I had the surgery on January 5, 2011 (only on my left shoulder). With a success rate of less than 50% I wasn’t expecting to walk away symptom free, but I knew I had to give it a shot, or I would spend my days wondering what the outcome could have been. Except for the first week, my recovery was fast and easy. I was back spinning a week and a half later, and I was back in the gym a month later. Today, I would say that my left shoulder/arm is about 15-20% better than before my surgery. Right now, I have no plans to have my right shoulder operated on. An improvement that small isn’t enough for me to go through that process all over again.

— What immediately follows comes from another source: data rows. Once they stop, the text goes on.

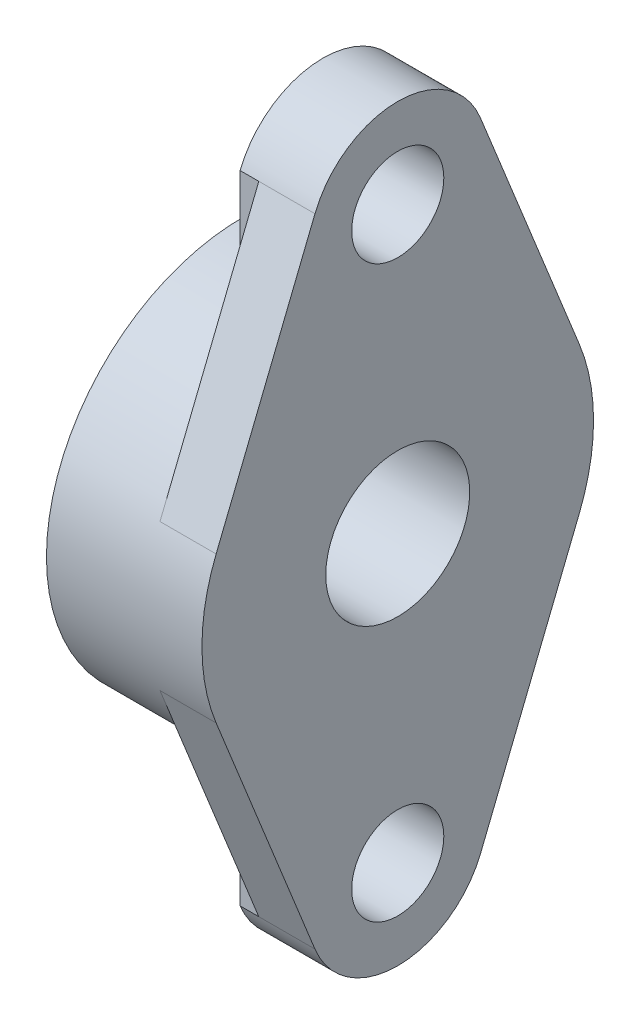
ISO-10303-21;
HEADER;
FILE_DESCRIPTION(('STEP AP214'),'2;1');
FILE_NAME('part.step','',(''),(''),'','','');
FILE_SCHEMA(('AUTOMOTIVE_DESIGN { 1 0 10303 214 1 1 1 1 }'));
ENDSEC;
DATA;
#1=APPLICATION_CONTEXT('core data for automotive mechanical design processes');
#2=APPLICATION_PROTOCOL_DEFINITION('international standard','automotive_design',2000,#1);
#3=PRODUCT_CONTEXT('',#1,'mechanical');
#4=PRODUCT('Part','Part','',(#3));
#5=PRODUCT_RELATED_PRODUCT_CATEGORY('part','',(#4));
#6=PRODUCT_DEFINITION_FORMATION('','',#4);
#7=PRODUCT_DEFINITION_CONTEXT('part definition',#1,'design');
#8=PRODUCT_DEFINITION('design','',#6,#7);
#9=PRODUCT_DEFINITION_SHAPE('','',#8);
#10=(LENGTH_UNIT() NAMED_UNIT(*) SI_UNIT(.MILLI.,.METRE.));
#11=(NAMED_UNIT(*) PLANE_ANGLE_UNIT() SI_UNIT($,.RADIAN.));
#12=(NAMED_UNIT(*) SI_UNIT($,.STERADIAN.) SOLID_ANGLE_UNIT());
#13=UNCERTAINTY_MEASURE_WITH_UNIT(LENGTH_MEASURE(1.E-05),#10,'distance_accuracy_value','');
#14=(GEOMETRIC_REPRESENTATION_CONTEXT(3) GLOBAL_UNCERTAINTY_ASSIGNED_CONTEXT((#13)) GLOBAL_UNIT_ASSIGNED_CONTEXT((#10,
#11,#12)) REPRESENTATION_CONTEXT('',''));
#15=CARTESIAN_POINT('',(0.,0.,0.));
#16=DIRECTION('',(0.,0.,1.));
#17=DIRECTION('',(1.,0.,0.));
#18=AXIS2_PLACEMENT_3D('',#15,#16,#17);
#19=CARTESIAN_POINT('',(-9.75,-55.5484247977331,-31.536175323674));
#20=DIRECTION('',(-1.,0.,0.));
#21=DIRECTION('',(0.,0.,1.));
#22=AXIS2_PLACEMENT_3D('',#19,#20,#21);
#23=PLANE('',#22);
#24=DIRECTION('',(0.,-1.,0.));
#25=VECTOR('',#24,1.);
#26=CARTESIAN_POINT('',(-9.75,-43.0518860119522,-14.376785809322));
#27=LINE('',#26,#25);
#28=CARTESIAN_POINT('',(-9.75,-30.810842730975,-14.376785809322));
#29=VERTEX_POINT('',#28);
#30=CARTESIAN_POINT('',(-9.75,-55.2929292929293,-14.376785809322));
#31=VERTEX_POINT('',#30);
#32=EDGE_CURVE('E71',#29,#31,#27,.T.);
#33=ORIENTED_EDGE('',*,*,#32,.F.);
#34=CARTESIAN_POINT('',(-9.75,0.,0.));
#35=DIRECTION('',(-1.,0.,0.));
#36=DIRECTION('',(0.,0.,1.));
#37=AXIS2_PLACEMENT_3D('',#34,#35,#36);
#38=CIRCLE('',#37,34.);
#39=CARTESIAN_POINT('',(-9.75,-12.7103451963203,-31.534855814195));
#40=VERTEX_POINT('',#39);
#41=EDGE_CURVE('E208',#40,#29,#38,.T.);
#42=ORIENTED_EDGE('',*,*,#41,.F.);
#43=DIRECTION('',(0.,0.927534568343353,-0.373737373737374));
#44=VECTOR('',#43,1.);
#45=CARTESIAN_POINT('',(-9.75,-34.,-22.956480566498));
#46=LINE('',#45,#44);
#47=EDGE_CURVE('E308',#31,#40,#46,.T.);
#48=ORIENTED_EDGE('',*,*,#47,.F.);
#49=EDGE_LOOP('',(#33,#42,#48));
#50=FACE_BOUND('',#49,.T.);
#51=ADVANCED_FACE('F16',(#50),#23,.T.);
#52=CARTESIAN_POINT('',(-13.,-55.2929292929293,-14.376785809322));
#53=DIRECTION('',(0.,0.,-1.));
#54=DIRECTION('',(0.,1.,0.));
#55=AXIS2_PLACEMENT_3D('',#52,#53,#54);
#56=PLANE('',#55);
#57=DIRECTION('',(0.,-1.,0.));
#58=VECTOR('',#57,1.);
#59=CARTESIAN_POINT('',(-13.,-48.0763671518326,-14.376785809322));
#60=LINE('',#59,#58);
#61=CARTESIAN_POINT('',(-13.,-30.8108427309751,-14.376785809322));
#62=VERTEX_POINT('',#61);
#63=CARTESIAN_POINT('',(-13.,-55.2929292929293,-14.376785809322));
#64=VERTEX_POINT('',#63);
#65=EDGE_CURVE('E65',#62,#64,#60,.T.);
#66=ORIENTED_EDGE('',*,*,#65,.F.);
#67=DIRECTION('',(-1.,0.,0.));
#68=VECTOR('',#67,1.);
#69=CARTESIAN_POINT('',(-13.5,-30.810842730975,-14.376785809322));
#70=LINE('',#69,#68);
#71=EDGE_CURVE('E300',#29,#62,#70,.T.);
#72=ORIENTED_EDGE('',*,*,#71,.F.);
#73=ORIENTED_EDGE('',*,*,#32,.T.);
#74=DIRECTION('',(1.,0.,0.));
#75=VECTOR('',#74,1.);
#76=CARTESIAN_POINT('',(-6.5,-55.2929292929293,-14.376785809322));
#77=LINE('',#76,#75);
#78=EDGE_CURVE('E316',#64,#31,#77,.T.);
#79=ORIENTED_EDGE('',*,*,#78,.F.);
#80=EDGE_LOOP('',(#66,#72,#73,#79));
#81=FACE_BOUND('',#80,.T.);
#82=ADVANCED_FACE('F482',(#81),#56,.T.);
#83=CARTESIAN_POINT('',(-9.75,12.454849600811,-31.536175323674));
#84=DIRECTION('',(-1.,0.,0.));
#85=DIRECTION('',(0.,0.,1.));
#86=AXIS2_PLACEMENT_3D('',#83,#84,#85);
#87=PLANE('',#86);
#88=CARTESIAN_POINT('',(-9.75,0.,0.));
#89=DIRECTION('',(-1.,0.,0.));
#90=DIRECTION('',(0.,0.,1.));
#91=AXIS2_PLACEMENT_3D('',#88,#89,#90);
#92=CIRCLE('',#91,34.);
#93=CARTESIAN_POINT('',(-9.75,30.8108427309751,-14.376785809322));
#94=VERTEX_POINT('',#93);
#95=CARTESIAN_POINT('',(-9.75,12.7103451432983,-31.5348558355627));
#96=VERTEX_POINT('',#95);
#97=EDGE_CURVE('E360',#94,#96,#92,.T.);
#98=ORIENTED_EDGE('',*,*,#97,.F.);
#99=DIRECTION('',(0.,-1.,0.));
#100=VECTOR('',#99,1.);
#101=CARTESIAN_POINT('',(-9.75,43.0518860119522,-14.376785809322));
#102=LINE('',#101,#100);
#103=CARTESIAN_POINT('',(-9.75,55.2929292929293,-14.376785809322));
#104=VERTEX_POINT('',#103);
#105=EDGE_CURVE('E270',#104,#94,#102,.T.);
#106=ORIENTED_EDGE('',*,*,#105,.F.);
#107=DIRECTION('',(0.,0.927534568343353,0.373737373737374));
#108=VECTOR('',#107,1.);
#109=CARTESIAN_POINT('',(-9.75,34.,-22.956480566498));
#110=LINE('',#109,#108);
#111=EDGE_CURVE('E203',#96,#104,#110,.T.);
#112=ORIENTED_EDGE('',*,*,#111,.F.);
#113=EDGE_LOOP('',(#98,#106,#112));
#114=FACE_BOUND('',#113,.T.);
#115=ADVANCED_FACE('F371',(#114),#87,.T.);
#116=CARTESIAN_POINT('',(-13.,30.810842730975,-14.376785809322));
#117=DIRECTION('',(0.,0.,-1.));
#118=DIRECTION('',(0.,1.,0.));
#119=AXIS2_PLACEMENT_3D('',#116,#117,#118);
#120=PLANE('',#119);
#121=DIRECTION('',(0.,-1.,0.));
#122=VECTOR('',#121,1.);
#123=CARTESIAN_POINT('',(-13.,48.0763671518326,-14.376785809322));
#124=LINE('',#123,#122);
#125=CARTESIAN_POINT('',(-13.,55.2929292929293,-14.376785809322));
#126=VERTEX_POINT('',#125);
#127=CARTESIAN_POINT('',(-13.,30.8108427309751,-14.376785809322));
#128=VERTEX_POINT('',#127);
#129=EDGE_CURVE('E245',#126,#128,#124,.T.);
#130=ORIENTED_EDGE('',*,*,#129,.F.);
#131=DIRECTION('',(-1.,0.,0.));
#132=VECTOR('',#131,1.);
#133=CARTESIAN_POINT('',(-6.5,55.2929292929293,-14.376785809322));
#134=LINE('',#133,#132);
#135=EDGE_CURVE('E197',#104,#126,#134,.T.);
#136=ORIENTED_EDGE('',*,*,#135,.F.);
#137=ORIENTED_EDGE('',*,*,#105,.T.);
#138=DIRECTION('',(1.,0.,0.));
#139=VECTOR('',#138,1.);
#140=CARTESIAN_POINT('',(-13.5,30.8108427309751,-14.376785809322));
#141=LINE('',#140,#139);
#142=EDGE_CURVE('E215',#128,#94,#141,.T.);
#143=ORIENTED_EDGE('',*,*,#142,.F.);
#144=EDGE_LOOP('',(#130,#136,#137,#143));
#145=FACE_BOUND('',#144,.T.);
#146=ADVANCED_FACE('F366',(#145),#120,.T.);
#147=CARTESIAN_POINT('',(-13.,-30.810842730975,14.376785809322));
#148=DIRECTION('',(0.,0.,1.));
#149=DIRECTION('',(0.,-1.,0.));
#150=AXIS2_PLACEMENT_3D('',#147,#148,#149);
#151=PLANE('',#150);
#152=DIRECTION('',(0.,1.,0.));
#153=VECTOR('',#152,1.);
#154=CARTESIAN_POINT('',(-13.,-48.0763671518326,14.376785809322));
#155=LINE('',#154,#153);
#156=CARTESIAN_POINT('',(-13.,-55.2929292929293,14.376785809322));
#157=VERTEX_POINT('',#156);
#158=CARTESIAN_POINT('',(-13.,-30.8108427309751,14.376785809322));
#159=VERTEX_POINT('',#158);
#160=EDGE_CURVE('E59',#157,#159,#155,.T.);
#161=ORIENTED_EDGE('',*,*,#160,.F.);
#162=DIRECTION('',(-1.,0.,0.));
#163=VECTOR('',#162,1.);
#164=CARTESIAN_POINT('',(-6.5,-55.2929292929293,14.376785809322));
#165=LINE('',#164,#163);
#166=CARTESIAN_POINT('',(-9.75,-55.2929292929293,14.376785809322));
#167=VERTEX_POINT('',#166);
#168=EDGE_CURVE('E257',#167,#157,#165,.T.);
#169=ORIENTED_EDGE('',*,*,#168,.F.);
#170=DIRECTION('',(0.,1.,0.));
#171=VECTOR('',#170,1.);
#172=CARTESIAN_POINT('',(-9.75,-55.2929292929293,14.376785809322));
#173=LINE('',#172,#171);
#174=CARTESIAN_POINT('',(-9.75,-30.8108427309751,14.376785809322));
#175=VERTEX_POINT('',#174);
#176=EDGE_CURVE('E251',#175,#167,#173,.F.);
#177=ORIENTED_EDGE('',*,*,#176,.F.);
#178=DIRECTION('',(1.,0.,0.));
#179=VECTOR('',#178,1.);
#180=CARTESIAN_POINT('',(-13.5,-30.8108427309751,14.376785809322));
#181=LINE('',#180,#179);
#182=EDGE_CURVE('E277',#159,#175,#181,.T.);
#183=ORIENTED_EDGE('',*,*,#182,.F.);
#184=EDGE_LOOP('',(#161,#169,#177,#183));
#185=FACE_BOUND('',#184,.T.);
#186=ADVANCED_FACE('F432',(#185),#151,.T.);
#187=CARTESIAN_POINT('',(-9.75,12.45484965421,14.376785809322));
#188=DIRECTION('',(-1.,0.,0.));
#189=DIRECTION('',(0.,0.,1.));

And this is where food makes its appearance (this is a food blog after all!) I started experimenting with cooking when I was in Grade 10, but quickly lost interest as other areas of my life became more of a concern to me. This past summer is when I truly started to feel like me again. And I thank food for that. And no, it’s not because I ate copious amounts of it! It’s because I realized that I could create amazing food that can turn a frown into a smile, or tears into laughter. Yes, food really does have the power to do that. I’ve finally found something that makes me happy and excited again. It’s been a really tough struggle, but I can now say that I’m at a place in my life where I have hope for my future, and for all the amazing and exciting opportunities and adventures that lay ahead.